■ Work instruction:
Go through the listing below and list every line with "BATT".

######

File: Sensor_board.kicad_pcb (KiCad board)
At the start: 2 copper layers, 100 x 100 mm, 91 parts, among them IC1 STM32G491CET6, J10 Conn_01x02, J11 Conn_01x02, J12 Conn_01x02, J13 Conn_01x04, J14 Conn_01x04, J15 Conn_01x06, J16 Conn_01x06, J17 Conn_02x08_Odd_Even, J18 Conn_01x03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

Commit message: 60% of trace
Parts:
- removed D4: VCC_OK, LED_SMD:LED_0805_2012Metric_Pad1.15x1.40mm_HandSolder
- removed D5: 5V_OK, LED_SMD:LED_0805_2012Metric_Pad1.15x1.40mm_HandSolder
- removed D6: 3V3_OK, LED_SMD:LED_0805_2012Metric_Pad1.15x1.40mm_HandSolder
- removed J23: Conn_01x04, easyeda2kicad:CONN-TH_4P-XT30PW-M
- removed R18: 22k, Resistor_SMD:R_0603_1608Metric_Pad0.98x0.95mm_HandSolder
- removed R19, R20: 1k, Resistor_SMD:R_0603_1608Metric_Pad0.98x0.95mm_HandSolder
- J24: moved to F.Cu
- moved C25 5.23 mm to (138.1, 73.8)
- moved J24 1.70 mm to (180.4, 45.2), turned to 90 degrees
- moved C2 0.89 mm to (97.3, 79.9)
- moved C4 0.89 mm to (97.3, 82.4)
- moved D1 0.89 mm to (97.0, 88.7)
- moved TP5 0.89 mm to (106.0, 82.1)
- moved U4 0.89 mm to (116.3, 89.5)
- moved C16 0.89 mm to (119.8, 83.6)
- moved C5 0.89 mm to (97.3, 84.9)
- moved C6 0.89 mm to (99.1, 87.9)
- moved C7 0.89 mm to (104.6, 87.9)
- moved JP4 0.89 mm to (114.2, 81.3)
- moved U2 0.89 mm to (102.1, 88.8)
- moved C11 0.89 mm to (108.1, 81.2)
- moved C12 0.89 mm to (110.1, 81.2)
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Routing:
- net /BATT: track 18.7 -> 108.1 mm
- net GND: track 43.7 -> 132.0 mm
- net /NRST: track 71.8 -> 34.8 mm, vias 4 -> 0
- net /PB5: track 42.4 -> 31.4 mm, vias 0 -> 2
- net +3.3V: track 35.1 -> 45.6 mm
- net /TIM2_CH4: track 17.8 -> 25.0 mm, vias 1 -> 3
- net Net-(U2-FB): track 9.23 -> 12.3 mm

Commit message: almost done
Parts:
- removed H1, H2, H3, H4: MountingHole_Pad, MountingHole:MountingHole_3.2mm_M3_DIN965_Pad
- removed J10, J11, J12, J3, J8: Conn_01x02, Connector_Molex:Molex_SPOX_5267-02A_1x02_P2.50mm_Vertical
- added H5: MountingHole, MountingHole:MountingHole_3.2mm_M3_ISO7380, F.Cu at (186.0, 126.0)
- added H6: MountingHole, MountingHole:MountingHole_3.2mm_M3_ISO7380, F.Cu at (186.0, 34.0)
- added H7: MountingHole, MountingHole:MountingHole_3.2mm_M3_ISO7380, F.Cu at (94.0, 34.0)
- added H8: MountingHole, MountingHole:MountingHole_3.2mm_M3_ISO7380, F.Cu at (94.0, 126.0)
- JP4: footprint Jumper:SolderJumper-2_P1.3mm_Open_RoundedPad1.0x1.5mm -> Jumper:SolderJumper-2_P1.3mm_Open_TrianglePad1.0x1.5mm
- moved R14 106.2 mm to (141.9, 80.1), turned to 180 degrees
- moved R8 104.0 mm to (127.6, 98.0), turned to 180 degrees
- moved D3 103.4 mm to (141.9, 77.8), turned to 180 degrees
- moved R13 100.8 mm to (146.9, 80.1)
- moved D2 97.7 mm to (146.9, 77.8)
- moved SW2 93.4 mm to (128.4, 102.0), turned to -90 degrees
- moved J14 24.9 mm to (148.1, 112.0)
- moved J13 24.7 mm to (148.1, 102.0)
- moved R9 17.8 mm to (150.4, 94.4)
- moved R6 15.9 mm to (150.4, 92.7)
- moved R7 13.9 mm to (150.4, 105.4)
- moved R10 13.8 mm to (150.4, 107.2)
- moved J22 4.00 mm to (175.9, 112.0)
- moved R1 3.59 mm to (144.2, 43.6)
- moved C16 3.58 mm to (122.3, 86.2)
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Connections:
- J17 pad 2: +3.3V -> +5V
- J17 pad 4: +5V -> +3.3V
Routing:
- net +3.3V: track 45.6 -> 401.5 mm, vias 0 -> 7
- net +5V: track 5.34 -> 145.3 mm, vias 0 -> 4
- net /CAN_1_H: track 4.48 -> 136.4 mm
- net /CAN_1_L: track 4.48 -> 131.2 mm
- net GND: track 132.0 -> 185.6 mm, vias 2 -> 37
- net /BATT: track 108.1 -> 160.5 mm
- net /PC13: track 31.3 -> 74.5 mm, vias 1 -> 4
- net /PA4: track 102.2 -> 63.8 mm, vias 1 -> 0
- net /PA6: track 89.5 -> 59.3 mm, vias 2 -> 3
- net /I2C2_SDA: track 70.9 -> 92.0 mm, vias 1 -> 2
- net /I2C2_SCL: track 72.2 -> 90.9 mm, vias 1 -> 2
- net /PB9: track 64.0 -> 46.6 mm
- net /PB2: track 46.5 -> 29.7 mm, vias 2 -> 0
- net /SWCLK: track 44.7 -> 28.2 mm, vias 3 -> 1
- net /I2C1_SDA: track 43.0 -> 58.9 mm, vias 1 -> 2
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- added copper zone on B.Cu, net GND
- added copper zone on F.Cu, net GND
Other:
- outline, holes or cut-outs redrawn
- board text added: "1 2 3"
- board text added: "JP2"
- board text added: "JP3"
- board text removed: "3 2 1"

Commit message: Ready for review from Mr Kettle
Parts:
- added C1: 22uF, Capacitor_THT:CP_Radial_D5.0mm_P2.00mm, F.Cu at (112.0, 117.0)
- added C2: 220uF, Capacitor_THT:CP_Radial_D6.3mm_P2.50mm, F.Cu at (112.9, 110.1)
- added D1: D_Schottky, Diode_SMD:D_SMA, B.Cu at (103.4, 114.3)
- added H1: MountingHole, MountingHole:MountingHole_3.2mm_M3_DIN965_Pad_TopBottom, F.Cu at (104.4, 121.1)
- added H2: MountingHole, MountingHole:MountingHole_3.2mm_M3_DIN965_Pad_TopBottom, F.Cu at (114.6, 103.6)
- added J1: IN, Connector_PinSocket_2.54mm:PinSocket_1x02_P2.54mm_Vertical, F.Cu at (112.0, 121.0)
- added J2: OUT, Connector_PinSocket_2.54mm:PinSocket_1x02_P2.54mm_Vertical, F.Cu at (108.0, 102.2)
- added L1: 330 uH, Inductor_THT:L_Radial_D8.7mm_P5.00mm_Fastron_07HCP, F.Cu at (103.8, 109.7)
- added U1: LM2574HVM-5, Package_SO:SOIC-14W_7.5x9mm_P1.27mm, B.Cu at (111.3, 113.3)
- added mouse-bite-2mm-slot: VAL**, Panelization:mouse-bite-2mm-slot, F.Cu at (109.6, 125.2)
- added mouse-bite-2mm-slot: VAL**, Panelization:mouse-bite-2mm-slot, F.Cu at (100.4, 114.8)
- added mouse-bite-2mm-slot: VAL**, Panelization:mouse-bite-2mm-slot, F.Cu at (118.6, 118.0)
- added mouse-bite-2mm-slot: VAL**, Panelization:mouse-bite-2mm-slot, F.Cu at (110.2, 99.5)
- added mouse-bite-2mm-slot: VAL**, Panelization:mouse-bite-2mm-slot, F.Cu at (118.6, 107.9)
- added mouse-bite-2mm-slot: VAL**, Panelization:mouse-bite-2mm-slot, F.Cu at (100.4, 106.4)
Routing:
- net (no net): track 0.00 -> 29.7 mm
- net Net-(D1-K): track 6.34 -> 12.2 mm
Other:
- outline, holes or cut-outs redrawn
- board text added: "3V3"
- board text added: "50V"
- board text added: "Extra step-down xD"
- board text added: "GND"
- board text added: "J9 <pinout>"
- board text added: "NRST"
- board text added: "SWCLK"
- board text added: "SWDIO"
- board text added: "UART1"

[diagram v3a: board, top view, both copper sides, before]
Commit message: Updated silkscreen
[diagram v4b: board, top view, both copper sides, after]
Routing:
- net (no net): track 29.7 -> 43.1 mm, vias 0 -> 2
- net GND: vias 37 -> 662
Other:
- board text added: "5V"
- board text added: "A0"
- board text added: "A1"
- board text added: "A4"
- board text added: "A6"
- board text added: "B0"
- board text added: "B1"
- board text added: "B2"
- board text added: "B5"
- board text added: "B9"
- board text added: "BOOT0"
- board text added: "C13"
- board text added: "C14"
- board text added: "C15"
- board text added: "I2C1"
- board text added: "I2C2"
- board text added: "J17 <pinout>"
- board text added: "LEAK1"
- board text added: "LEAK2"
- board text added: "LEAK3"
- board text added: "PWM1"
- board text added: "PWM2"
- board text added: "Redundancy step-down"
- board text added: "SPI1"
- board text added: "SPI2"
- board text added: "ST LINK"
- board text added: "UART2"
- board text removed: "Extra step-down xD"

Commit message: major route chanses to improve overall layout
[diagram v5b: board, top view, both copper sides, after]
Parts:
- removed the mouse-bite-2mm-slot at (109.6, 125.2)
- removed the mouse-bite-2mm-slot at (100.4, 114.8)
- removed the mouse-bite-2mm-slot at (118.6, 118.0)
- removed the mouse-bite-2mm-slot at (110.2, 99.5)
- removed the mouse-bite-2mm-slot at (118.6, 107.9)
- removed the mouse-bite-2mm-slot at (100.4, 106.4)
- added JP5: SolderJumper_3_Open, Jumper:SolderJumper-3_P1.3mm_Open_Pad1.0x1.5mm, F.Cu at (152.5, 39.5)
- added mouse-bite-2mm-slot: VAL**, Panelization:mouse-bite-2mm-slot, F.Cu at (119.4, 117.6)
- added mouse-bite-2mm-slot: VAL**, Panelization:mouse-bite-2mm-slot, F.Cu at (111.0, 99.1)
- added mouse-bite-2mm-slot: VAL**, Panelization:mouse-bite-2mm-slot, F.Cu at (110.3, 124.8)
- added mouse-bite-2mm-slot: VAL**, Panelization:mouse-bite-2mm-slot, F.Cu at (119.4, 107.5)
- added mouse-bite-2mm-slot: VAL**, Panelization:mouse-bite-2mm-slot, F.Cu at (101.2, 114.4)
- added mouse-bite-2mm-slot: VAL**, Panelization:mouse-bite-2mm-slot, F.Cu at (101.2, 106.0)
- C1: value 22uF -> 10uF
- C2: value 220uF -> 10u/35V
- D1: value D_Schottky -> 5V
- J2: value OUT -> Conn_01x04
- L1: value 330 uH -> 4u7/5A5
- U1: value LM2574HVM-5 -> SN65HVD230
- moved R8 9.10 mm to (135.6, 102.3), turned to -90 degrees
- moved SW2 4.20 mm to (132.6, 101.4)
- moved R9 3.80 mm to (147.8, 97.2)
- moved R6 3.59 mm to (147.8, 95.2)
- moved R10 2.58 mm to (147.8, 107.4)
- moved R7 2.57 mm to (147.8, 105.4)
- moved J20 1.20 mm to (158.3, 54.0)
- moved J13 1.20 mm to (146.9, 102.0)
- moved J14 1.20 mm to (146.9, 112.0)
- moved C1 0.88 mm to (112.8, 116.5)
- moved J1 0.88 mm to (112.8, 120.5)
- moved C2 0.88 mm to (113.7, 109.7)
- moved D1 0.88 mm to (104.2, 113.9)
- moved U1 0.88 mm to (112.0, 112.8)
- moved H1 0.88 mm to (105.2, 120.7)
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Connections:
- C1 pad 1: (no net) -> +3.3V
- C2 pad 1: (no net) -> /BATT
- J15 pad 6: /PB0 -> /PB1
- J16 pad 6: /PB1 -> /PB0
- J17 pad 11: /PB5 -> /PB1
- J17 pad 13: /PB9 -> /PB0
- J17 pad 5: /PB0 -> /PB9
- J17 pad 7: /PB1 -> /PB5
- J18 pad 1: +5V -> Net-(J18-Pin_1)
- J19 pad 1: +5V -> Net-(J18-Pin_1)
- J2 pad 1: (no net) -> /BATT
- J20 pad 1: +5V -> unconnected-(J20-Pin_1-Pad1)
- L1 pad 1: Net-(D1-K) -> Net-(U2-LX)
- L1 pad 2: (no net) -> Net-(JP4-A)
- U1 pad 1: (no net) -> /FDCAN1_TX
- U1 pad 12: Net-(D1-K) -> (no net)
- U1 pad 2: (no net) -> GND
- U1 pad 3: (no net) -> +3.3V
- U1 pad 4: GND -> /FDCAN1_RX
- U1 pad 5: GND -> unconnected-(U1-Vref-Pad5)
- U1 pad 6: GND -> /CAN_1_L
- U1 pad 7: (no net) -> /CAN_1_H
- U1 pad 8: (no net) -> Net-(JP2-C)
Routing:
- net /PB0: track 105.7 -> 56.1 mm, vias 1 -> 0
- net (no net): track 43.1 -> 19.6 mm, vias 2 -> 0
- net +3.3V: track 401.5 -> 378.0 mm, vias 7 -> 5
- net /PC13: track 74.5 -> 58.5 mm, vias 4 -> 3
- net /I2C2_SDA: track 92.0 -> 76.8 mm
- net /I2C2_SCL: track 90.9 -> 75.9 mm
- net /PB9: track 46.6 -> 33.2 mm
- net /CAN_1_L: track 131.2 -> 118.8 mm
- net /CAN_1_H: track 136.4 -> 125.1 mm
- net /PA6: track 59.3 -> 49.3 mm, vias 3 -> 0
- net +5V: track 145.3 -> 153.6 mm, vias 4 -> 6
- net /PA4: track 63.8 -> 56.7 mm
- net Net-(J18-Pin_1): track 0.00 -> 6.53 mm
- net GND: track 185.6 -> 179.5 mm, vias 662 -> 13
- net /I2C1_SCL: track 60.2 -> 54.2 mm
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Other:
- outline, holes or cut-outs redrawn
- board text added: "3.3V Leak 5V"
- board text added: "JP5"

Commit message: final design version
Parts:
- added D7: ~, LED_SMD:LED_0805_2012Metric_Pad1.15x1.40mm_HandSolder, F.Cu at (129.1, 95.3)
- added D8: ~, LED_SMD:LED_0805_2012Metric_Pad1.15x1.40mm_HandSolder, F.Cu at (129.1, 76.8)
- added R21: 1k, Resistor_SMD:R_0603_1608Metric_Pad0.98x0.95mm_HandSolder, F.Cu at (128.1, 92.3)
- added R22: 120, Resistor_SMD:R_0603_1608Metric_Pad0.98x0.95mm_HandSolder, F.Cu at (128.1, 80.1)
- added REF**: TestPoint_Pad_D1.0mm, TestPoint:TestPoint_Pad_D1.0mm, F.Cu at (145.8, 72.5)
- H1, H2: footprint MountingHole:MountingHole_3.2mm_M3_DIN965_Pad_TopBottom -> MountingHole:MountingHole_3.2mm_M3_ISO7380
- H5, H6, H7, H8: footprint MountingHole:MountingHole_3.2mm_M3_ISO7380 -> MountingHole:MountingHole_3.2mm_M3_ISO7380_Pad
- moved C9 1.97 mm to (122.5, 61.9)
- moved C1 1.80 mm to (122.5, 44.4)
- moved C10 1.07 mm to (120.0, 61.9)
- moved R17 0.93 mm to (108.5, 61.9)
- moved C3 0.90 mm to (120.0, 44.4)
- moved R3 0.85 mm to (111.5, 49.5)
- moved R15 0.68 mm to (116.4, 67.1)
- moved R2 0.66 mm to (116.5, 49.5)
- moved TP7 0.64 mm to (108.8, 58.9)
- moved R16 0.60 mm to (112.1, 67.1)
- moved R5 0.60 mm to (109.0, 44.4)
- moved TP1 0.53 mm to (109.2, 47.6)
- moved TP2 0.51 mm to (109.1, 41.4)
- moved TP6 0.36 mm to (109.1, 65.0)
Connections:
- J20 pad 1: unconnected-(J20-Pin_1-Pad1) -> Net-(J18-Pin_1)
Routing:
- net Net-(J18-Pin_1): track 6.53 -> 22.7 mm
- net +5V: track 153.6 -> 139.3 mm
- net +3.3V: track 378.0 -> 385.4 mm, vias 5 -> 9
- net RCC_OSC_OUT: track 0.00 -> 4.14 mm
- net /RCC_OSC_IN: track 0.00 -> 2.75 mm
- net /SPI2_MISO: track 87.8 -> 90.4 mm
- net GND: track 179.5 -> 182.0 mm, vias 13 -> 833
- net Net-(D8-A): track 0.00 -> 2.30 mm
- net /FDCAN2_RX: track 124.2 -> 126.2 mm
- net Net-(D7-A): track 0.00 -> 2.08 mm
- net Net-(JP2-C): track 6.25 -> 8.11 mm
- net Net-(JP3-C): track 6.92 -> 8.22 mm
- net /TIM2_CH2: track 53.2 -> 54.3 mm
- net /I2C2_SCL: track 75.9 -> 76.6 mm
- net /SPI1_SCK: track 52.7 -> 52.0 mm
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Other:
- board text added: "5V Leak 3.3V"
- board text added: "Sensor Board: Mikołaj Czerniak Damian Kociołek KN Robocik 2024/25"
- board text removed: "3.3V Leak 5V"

######

■ Problem solution:
- net /BATT: track 18.7 -> 108.1 mm
- net /BATT: track 108.1 -> 160.5 mm
- C2 pad 1: (no net) -> /BATT
- J2 pad 1: (no net) -> /BATT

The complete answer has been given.